Dermis - Beneath the epidermis.
Hypodermis - Also called subcutaneous layer; not a true skin layer; consists of areolar and adipose tissue.
Components of the Integumentary System
Epidermal Cell Types:
Keratinocytes: Most prevalent; protect and waterproof skin.
Melanocytes: Produce melanin; contribute to skin color.
Langerhans cells: Immune response participants.
Merkel cells: Touch sensation.
Epidermal Layers in Thin vs. Thick Skin
Thin Skin:
Locations: All body parts excluding palms and soles.
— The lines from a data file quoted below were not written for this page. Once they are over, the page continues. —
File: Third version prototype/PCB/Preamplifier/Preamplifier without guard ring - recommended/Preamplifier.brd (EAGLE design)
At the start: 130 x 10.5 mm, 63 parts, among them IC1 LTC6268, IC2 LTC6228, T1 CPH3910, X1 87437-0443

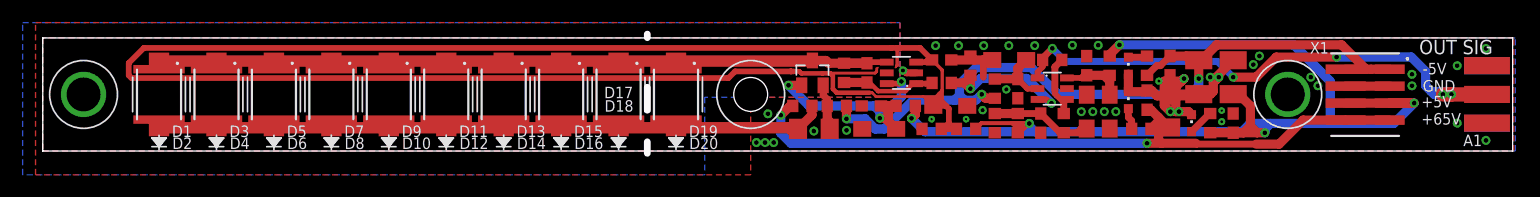
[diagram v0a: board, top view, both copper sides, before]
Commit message: Removed guard ring due to ocurring shorts and adjusted supply rail resistors
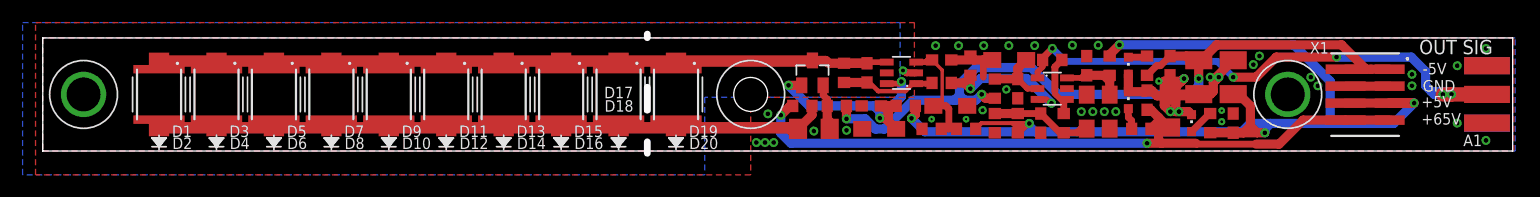
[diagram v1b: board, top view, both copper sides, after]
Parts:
- R10, R11, R9: value 75 -> 1
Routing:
- net N$3: track 173.3 -> 12.6 mm

Has hair follicles and sebaceous glands.
Epidermal thickness: 0.10–0.15 mm.
Thick Skin:
Locations: Palms and soles.
Lacks hair follicles; more sweat glands.
Epidermal thickness: 0.6–4.5 mm.
Functions of Skin
Thermoregulation: Maintains body temperature.
Blood Reservoir: Holds 8-10% of blood flow.
Protection: Physically and chemically protects body.
Cutaneous Sensations: Provides sensory feedback.
Excretion and Absorption: Eliminates substances; absorbs certain materials.
Synthesis of Vitamin D: Activates vitamin D for calcium absorption.
Wound Healing Processes
Epidermal Wound Healing
Division of Basal Cells: Cells migrate across the wound surface.
Thickening of Epidermis: New keratinocytes form.
Deep Wound Healing
Inflammatory Phase: Clot formation.
Migratory Phase: Clot becomes a scab; cells migrate.
Proliferative Phase: Growth beneath scab.
Maturation Phase: Scab sloughs off; tissue remodels.
Aging and Skin Changes
Age-associated changes: Wrinkles, dehydration, reduced sweat production, loss of melanocytes, and brittle nails.
Clinical Connections
Skin Cancer
Predominantly caused by UV light exposure.
Types: Basal cell carcinoma, squamous cell carcinoma, malignant melanoma.
Burns
Classified: First-degree (sunburn), second-degree (blistering), third-degree (full thickness).
Pressure Ulcers
Increased risk with age; result from blood flow deficiency.